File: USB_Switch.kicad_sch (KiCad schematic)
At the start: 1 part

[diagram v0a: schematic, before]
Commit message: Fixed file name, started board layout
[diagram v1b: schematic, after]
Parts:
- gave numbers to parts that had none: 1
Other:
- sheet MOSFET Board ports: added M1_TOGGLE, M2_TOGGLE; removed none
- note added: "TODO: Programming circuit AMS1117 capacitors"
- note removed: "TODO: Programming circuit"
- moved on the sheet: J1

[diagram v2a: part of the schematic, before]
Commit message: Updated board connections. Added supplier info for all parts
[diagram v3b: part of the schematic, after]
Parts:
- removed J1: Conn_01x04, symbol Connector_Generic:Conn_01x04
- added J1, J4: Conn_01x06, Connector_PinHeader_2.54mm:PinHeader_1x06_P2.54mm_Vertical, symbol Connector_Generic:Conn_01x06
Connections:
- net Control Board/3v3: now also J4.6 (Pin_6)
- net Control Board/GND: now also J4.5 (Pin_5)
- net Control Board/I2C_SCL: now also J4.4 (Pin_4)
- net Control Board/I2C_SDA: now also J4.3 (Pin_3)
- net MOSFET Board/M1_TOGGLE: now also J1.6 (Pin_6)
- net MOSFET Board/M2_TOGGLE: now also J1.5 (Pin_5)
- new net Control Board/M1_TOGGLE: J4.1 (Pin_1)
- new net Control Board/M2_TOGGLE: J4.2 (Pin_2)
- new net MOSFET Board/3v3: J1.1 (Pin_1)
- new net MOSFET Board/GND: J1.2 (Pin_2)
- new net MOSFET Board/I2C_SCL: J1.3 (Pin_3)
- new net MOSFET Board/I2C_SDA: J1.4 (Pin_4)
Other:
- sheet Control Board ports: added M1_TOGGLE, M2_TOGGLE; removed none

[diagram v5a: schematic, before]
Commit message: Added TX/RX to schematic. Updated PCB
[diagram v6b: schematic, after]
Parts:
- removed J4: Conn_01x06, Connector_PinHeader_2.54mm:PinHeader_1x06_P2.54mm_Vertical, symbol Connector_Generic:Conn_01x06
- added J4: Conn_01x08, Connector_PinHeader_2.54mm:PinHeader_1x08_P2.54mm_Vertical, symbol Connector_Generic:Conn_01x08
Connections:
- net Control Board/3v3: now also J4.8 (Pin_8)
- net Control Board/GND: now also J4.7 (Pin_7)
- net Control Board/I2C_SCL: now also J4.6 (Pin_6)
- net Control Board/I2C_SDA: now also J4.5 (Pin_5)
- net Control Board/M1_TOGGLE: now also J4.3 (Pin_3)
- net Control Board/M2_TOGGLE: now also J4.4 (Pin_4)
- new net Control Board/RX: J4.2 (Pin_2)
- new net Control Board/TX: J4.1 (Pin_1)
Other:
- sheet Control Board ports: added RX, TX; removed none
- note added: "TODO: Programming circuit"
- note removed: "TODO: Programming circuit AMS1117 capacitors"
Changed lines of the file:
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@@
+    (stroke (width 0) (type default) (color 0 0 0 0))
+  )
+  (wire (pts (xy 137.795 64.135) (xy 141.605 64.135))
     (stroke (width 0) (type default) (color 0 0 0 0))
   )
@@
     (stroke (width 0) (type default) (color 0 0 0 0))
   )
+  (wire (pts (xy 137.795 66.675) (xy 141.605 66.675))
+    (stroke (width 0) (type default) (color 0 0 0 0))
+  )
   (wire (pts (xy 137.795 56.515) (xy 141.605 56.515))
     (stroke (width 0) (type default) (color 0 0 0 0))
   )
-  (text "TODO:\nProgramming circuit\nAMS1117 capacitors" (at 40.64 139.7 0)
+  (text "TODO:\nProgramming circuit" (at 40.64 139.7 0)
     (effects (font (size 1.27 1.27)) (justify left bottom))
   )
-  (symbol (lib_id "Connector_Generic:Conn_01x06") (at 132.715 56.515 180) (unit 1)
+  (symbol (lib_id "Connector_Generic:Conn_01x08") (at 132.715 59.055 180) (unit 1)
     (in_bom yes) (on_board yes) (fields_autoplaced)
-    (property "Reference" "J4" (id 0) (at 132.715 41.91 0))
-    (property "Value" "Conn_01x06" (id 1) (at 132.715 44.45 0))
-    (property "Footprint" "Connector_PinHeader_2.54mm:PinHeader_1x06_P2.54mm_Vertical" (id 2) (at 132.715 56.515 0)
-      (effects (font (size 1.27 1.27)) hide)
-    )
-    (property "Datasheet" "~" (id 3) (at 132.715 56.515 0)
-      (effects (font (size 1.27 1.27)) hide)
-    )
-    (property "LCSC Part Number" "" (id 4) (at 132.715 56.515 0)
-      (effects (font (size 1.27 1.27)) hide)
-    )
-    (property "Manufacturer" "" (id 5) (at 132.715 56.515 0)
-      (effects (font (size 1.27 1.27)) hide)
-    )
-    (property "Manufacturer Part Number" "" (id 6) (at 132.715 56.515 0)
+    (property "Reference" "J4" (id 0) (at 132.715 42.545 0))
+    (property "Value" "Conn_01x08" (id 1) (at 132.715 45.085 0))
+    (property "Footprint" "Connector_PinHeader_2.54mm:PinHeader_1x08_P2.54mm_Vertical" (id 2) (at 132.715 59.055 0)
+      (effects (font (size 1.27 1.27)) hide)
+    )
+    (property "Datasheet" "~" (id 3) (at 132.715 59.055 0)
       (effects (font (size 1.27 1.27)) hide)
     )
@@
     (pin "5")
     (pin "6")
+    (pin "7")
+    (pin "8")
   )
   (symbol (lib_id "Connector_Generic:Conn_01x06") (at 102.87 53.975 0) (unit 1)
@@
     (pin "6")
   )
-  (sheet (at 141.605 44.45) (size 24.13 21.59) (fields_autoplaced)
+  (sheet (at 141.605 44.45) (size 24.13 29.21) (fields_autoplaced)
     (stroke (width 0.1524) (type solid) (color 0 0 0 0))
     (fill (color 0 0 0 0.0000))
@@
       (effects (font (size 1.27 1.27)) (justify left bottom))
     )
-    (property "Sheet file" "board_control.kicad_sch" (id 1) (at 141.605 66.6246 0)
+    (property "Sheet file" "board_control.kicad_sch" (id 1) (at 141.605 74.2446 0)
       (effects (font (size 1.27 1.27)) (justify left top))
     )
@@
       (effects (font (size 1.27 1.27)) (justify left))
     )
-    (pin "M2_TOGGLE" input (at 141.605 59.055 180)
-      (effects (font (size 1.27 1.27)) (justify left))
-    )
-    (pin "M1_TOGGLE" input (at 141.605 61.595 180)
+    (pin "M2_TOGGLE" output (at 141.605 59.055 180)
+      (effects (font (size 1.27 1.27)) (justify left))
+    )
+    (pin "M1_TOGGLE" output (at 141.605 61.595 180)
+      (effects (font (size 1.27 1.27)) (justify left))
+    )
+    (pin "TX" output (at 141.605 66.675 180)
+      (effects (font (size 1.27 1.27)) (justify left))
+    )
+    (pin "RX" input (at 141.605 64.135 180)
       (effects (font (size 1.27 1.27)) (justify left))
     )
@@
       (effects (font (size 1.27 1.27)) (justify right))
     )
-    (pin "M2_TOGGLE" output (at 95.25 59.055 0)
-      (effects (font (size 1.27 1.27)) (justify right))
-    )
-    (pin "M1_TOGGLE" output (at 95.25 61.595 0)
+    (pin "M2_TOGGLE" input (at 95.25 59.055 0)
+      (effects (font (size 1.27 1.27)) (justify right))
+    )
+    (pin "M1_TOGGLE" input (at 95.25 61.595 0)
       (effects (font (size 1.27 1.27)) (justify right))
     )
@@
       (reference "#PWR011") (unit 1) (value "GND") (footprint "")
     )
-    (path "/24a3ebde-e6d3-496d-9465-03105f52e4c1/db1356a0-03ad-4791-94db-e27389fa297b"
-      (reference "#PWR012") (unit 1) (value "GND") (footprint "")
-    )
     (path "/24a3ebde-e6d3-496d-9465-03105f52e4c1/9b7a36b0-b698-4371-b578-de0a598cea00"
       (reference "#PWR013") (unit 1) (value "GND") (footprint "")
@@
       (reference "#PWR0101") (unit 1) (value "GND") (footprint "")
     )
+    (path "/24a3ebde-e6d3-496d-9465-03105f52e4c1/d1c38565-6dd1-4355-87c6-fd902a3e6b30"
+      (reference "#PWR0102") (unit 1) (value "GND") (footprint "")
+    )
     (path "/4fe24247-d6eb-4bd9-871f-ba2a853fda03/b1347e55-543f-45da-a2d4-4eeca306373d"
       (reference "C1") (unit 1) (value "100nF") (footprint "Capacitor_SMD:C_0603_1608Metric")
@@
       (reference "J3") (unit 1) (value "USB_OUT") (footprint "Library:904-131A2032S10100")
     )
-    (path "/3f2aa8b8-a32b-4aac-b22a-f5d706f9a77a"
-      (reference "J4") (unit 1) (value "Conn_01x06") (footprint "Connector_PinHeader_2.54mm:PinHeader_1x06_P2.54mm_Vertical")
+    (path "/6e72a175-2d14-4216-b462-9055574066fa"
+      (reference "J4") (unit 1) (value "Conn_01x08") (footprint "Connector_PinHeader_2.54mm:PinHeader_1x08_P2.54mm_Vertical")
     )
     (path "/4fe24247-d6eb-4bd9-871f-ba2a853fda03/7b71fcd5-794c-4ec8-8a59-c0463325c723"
• • • • • • •
▸ **Your task**
Reproduce every line of the entries above, unchanged, from the very first one down to and including the line containing "- net Control Board/M2_TOGGLE: now".

▸ **Reply to the task**
File: USB_Switch.kicad_sch (KiCad schematic)
At the start: 1 part

[diagram v0a: schematic, before]
Commit message: Fixed file name, started board layout
[diagram v1b: schematic, after]
Parts:
- gave numbers to parts that had none: 1
Other:
- sheet MOSFET Board ports: added M1_TOGGLE, M2_TOGGLE; removed none
- note added: "TODO: Programming circuit AMS1117 capacitors"
- note removed: "TODO: Programming circuit"
- moved on the sheet: J1

[diagram v2a: part of the schematic, before]
Commit message: Updated board connections. Added supplier info for all parts
[diagram v3b: part of the schematic, after]
Parts:
- removed J1: Conn_01x04, symbol Connector_Generic:Conn_01x04
- added J1, J4: Conn_01x06, Connector_PinHeader_2.54mm:PinHeader_1x06_P2.54mm_Vertical, symbol Connector_Generic:Conn_01x06
Connections:
- net Control Board/3v3: now also J4.6 (Pin_6)
- net Control Board/GND: now also J4.5 (Pin_5)
- net Control Board/I2C_SCL: now also J4.4 (Pin_4)
- net Control Board/I2C_SDA: now also J4.3 (Pin_3)
- net MOSFET Board/M1_TOGGLE: now also J1.6 (Pin_6)
- net MOSFET Board/M2_TOGGLE: now also J1.5 (Pin_5)
- new net Control Board/M1_TOGGLE: J4.1 (Pin_1)
- new net Control Board/M2_TOGGLE: J4.2 (Pin_2)
- new net MOSFET Board/3v3: J1.1 (Pin_1)
- new net MOSFET Board/GND: J1.2 (Pin_2)
- new net MOSFET Board/I2C_SCL: J1.3 (Pin_3)
- new net MOSFET Board/I2C_SDA: J1.4 (Pin_4)
Other:
- sheet Control Board ports: added M1_TOGGLE, M2_TOGGLE; removed none

[diagram v5a: schematic, before]
Commit message: Added TX/RX to schematic. Updated PCB
[diagram v6b: schematic, after]
Parts:
- removed J4: Conn_01x06, Connector_PinHeader_2.54mm:PinHeader_1x06_P2.54mm_Vertical, symbol Connector_Generic:Conn_01x06
- added J4: Conn_01x08, Connector_PinHeader_2.54mm:PinHeader_1x08_P2.54mm_Vertical, symbol Connector_Generic:Conn_01x08
Connections:
- net Control Board/3v3: now also J4.8 (Pin_8)
- net Control Board/GND: now also J4.7 (Pin_7)
- net Control Board/I2C_SCL: now also J4.6 (Pin_6)
- net Control Board/I2C_SDA: now also J4.5 (Pin_5)
- net Control Board/M1_TOGGLE: now also J4.3 (Pin_3)
- net Control Board/M2_TOGGLE: now also J4.4 (Pin_4)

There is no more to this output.